The connection you are trying to make between illegal immigrants, and increased crime is factually wrong and as it is defamatory toward real people and enforces stereotypes, it is morally wrong.
0 Replies
 
Foxfyre
 
  1  
Reply Tue 27 Mar, 2007 02:57 pm
You're entitled to your opinion eBrown and I'm entitled to mine. I think your assertion that there is no disproportionate level of criminality among illegals in this country is also repeating a lie.

If 5% of the population is committing criminal acts, that's 15 MILLION criminals operating in this country. Among those in rural Illinois or Iowa or Arkansas, the proportion of criminals to the general population is probably considerably less than 5%. But is one criminal for every 100 people acceptable? Are you honestly comfortable with that?

Heather MacDonald brings some pretty significant credentials to the debate and she says the situation is far worse among the illegals in LA County. Are you saying she is repeating a lie? On what basis do you draw that conclusion?
0 Replies
 
Walter Hinteler
 
  1  
Reply Tue 27 Mar, 2007 03:08 pm
Foxfyre wrote:
There is a great disconnect between the reality and the presumption. In most places law enforcement isn't allowed to ask somebody if they are legal or illegal during law enforcement activity.


You mean they can't ask for legal papers?

Here, every single policemen can do that (though e.g. searching for illegal workers is done by the customs and/or labour office): you are asked for that and either present your papers or get that cleared at the police station.
0 Replies
 
ebrown p
 
  1  
Reply Tue 27 Mar, 2007 03:11 pm
Quote:

t should not surprise anyone to learn that immigrants – both undocumented and otherwise – commit some violent crimes. Even the most jingoistic champion of American values would concede that criminal elements are found in every demographic group.

The real question is whether immigrants commit crimes at a higher rate than U.S. citizens. That’s the assertion advanced by U.S. Rep. Ted Poe and others, and it’s the perfect falsehood around which to build an agenda for stiffer immigration policies. But despite the profound fear that many people have of “foreigners,” statistics show that “natives” are more dangerous as a group.
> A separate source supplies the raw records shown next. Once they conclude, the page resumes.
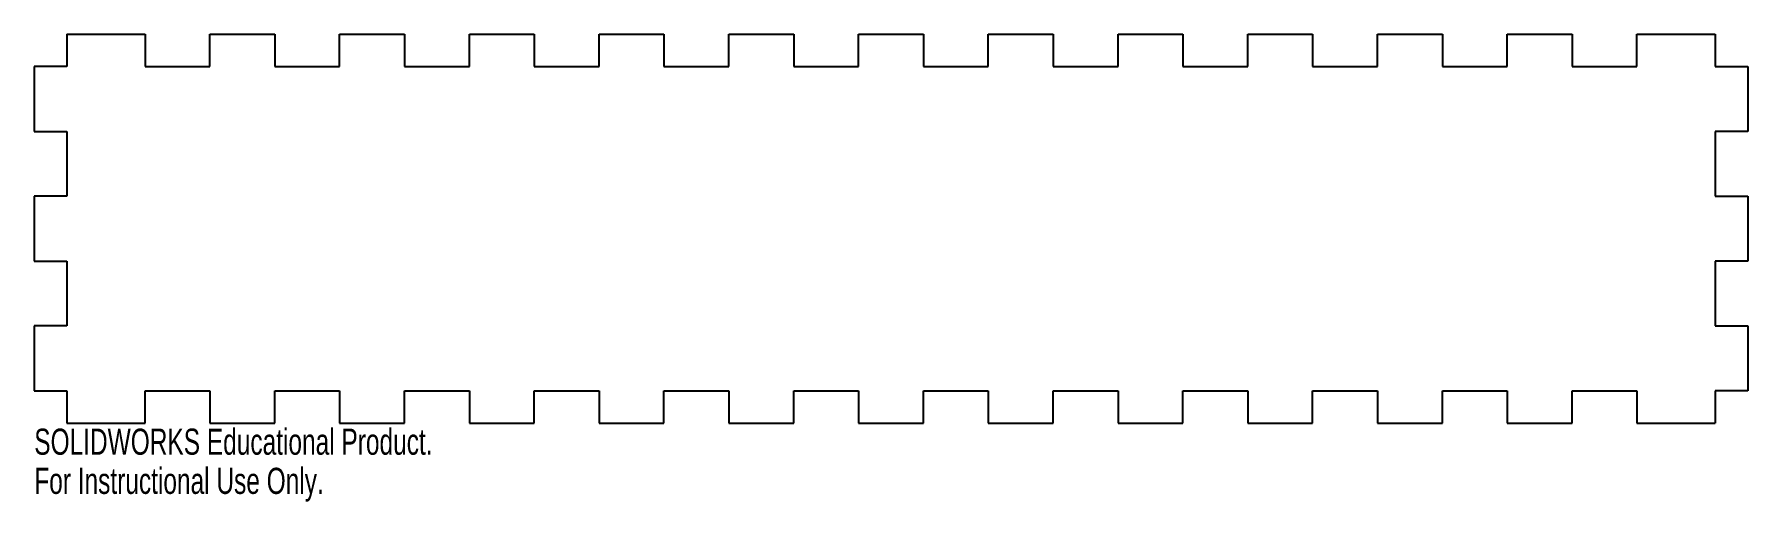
# Model space of a CAD drawing. Header units: millimetres. Extents: x -158 to 158, y -81 to 6.
import ezdxf

# ---------------------------------------------------------------- set-up
doc = ezdxf.new("R2010")
doc.units = ezdxf.units.MM
doc.styles.add('SLDTEXTSTYLE0', font='TXT', dxfattribs={"width": 0.7})

msp = doc.modelspace()

# ---------------------------------------------------------------- linework, layer by layer
at = {"color": 7, "linetype": 'Continuous', "lineweight": 25}
for p, q in [((-152.5, 6), (-138, 6)), ((-152.5, 6), (-152.5, 0)), ((-138, 6), (-138, 0)), ((-126, 6), (-114, 6)), ((-126, 0), (-126, 6)), ((-114, 6), (-114, 0)), ((-102, 6), (-90, 6)), ((-102, 0), (-102, 6)), ((-90, 6), (-90, 0)), ((-78, 6), (-66, 6)), ((-78, 0), (-78, 6)), ((-66, 6), (-66, 0)), ((-54, 6), (-42, 6)), ((-54, 0), (-54, 6)), ((-42, 6), (-42, 0)), ((-30, 6), (-18, 6)), ((-30, 0), (-30, 6)), ((-18, 6), (-18, 0)), ((-6, 6), (6, 6)), ((-6, 0), (-6, 6)), ((6, 6), (6, 0)), ((18, 6), (30, 6)), ((18, 0), (18, 6)), ((30, 6), (30, 0)), ((42, 6), (54, 6)), ((42, 0), (42, 6)), ((54, 6), (54, 0)), ((66, 6), (78, 6)), ((66, 0), (66, 6)), ((78, 6), (78, 0)), ((90, 6), (102, 6)), ((90, 0), (90, 6)), ((102, 6), (102, 0)), ((114, 6), (126, 6)), ((114, 0), (114, 6)), ((126, 6), (126, 0)), ((138, 6), (152.5, 6)), ((138, 0), (138, 6)), ((152.5, 6), (152.5, 0)), ((-152.5, 0), (-158.5, 0)), ((-158.5, 0), (-158.5, -12)), ((-138, 0), (-126, 0)), ((-114, 0), (-102, 0)), ((-90, 0), (-78, 0)), ((-66, 0), (-54, 0)), ((-42, 0), (-30, 0)), ((-18, 0), (-6, 0)), ((6, 0), (18, 0)), ((30, 0), (42, 0)), ((54, 0), (66, 0)), ((78, 0), (90, 0)), ((102, 0), (114, 0)), ((126, 0), (138, 0)), ((152.5, 0), (158.5, 0)), ((158.5, 0), (158.5, -12)), ((-158.5, -12), (-152.5, -12)), ((-152.5, -12), (-152.5, -24)), ((152.5, -12), (152.5, -24)), ((158.5, -12), (152.5, -12)), ((-152.5, -24), (-158.5, -24)), ((-158.5, -24), (-158.5, -36)), ((152.5, -24), (158.5, -24)), ((158.5, -24), (158.5, -36)), ((-158.5, -36), (-152.5, -36)), ((-152.5, -36), (-152.5, -48)), ((152.5, -36), (152.5, -48)), ((158.5, -36), (152.5, -36)), ((-152.5, -48), (-158.5, -48)), ((-158.5, -48), (-158.5, -60)), ((152.5, -48), (158.5, -48)), ((158.5, -48), (158.5, -60)), ((-158.5, -60), (-152.5, -60)), ((-152.5, -60), (-152.5, -66)), ((-138, -66), (-138, -60)), ((-138, -60), (-126, -60)), ((-126, -60), (-126, -66)), ((-114, -66), (-114, -60)), ((-114, -60), (-102, -60)), ((-102, -60), (-102, -66)), ((-90, -66), (-90, -60)), ((-90, -60), (-78, -60)), ((-78, -60), (-78, -66)), ((-66, -66), (-66, -60)), ((-66, -60), (-54, -60)), ((-54, -60), (-54, -66)), ((-42, -66), (-42, -60)), ((-42, -60), (-30, -60)), ((-30, -60), (-30, -66)), ((-18, -66), (-18, -60)), ((-18, -60), (-6, -60)), ((-6, -60), (-6, -66)), ((6, -66), (6, -60)), ((6, -60), (18, -60)), ((18, -60), (18, -66)), ((30, -66), (30, -60)), ((30, -60), (42, -60)), ((42, -60), (42, -66)), ((54, -66), (54, -60)), ((54, -60), (66, -60)), ((66, -60), (66, -66)), ((78, -66), (78, -60)), ((78, -60), (90, -60)), ((90, -60), (90, -66)), ((102, -66), (102, -60)), ((102, -60), (114, -60)), ((114, -60), (114, -66)), ((126, -66), (126, -60)), ((126, -60), (138, -60)), ((138, -60), (138, -66)), ((152.5, -60), (152.5, -66)), ((158.5, -60), (152.5, -60)), ((-152.5, -66), (-138, -66)), ((-126, -66), (-114, -66)), ((-102, -66), (-90, -66)), ((-78, -66), (-66, -66)), ((-54, -66), (-42, -66)), ((-30, -66), (-18, -66)), ((-6, -66), (6, -66)), ((18, -66), (30, -66)), ((42, -66), (54, -66)), ((66, -66), (78, -66)), ((90, -66), (102, -66)), ((114, -66), (126, -66)), ((138, -66), (152.5, -66))]:
    msp.add_line(p, q, dxfattribs=at)

# ---------------------------------------------------------------- texts
at = {"color": 7, "linetype": 'Continuous', "char_height": 4.8336, "attachment_point": 1, "style": 'SLDTEXTSTYLE0'}
for s, insert in [('SOLIDWORKS Educational Product.', (-158.5, -67.02)), ('For Instructional Use Only.', (-158.5, -74.27))]:
    msp.add_mtext(s, dxfattribs=dict(at, insert=insert))

doc.saveas('drawing.dxf')

The 2000 U.S. Census data of incarcerated males confirm that foreign-born people commit far fewer crimes per capita than U.S. citizens of every race and ethnicity. All told, U.S.-born people commit crimes at a rate that is approximately four times that of their foreign-born counterparts.

...

One fact is certain: there is a growing chorus of people determined to protect “us” from “them.” Before we yield to those who want to paint immigrants as evil interlopers threatening the American way of live, we should stop to consider a truer picture: “they” are actually much less dangerous than “us.”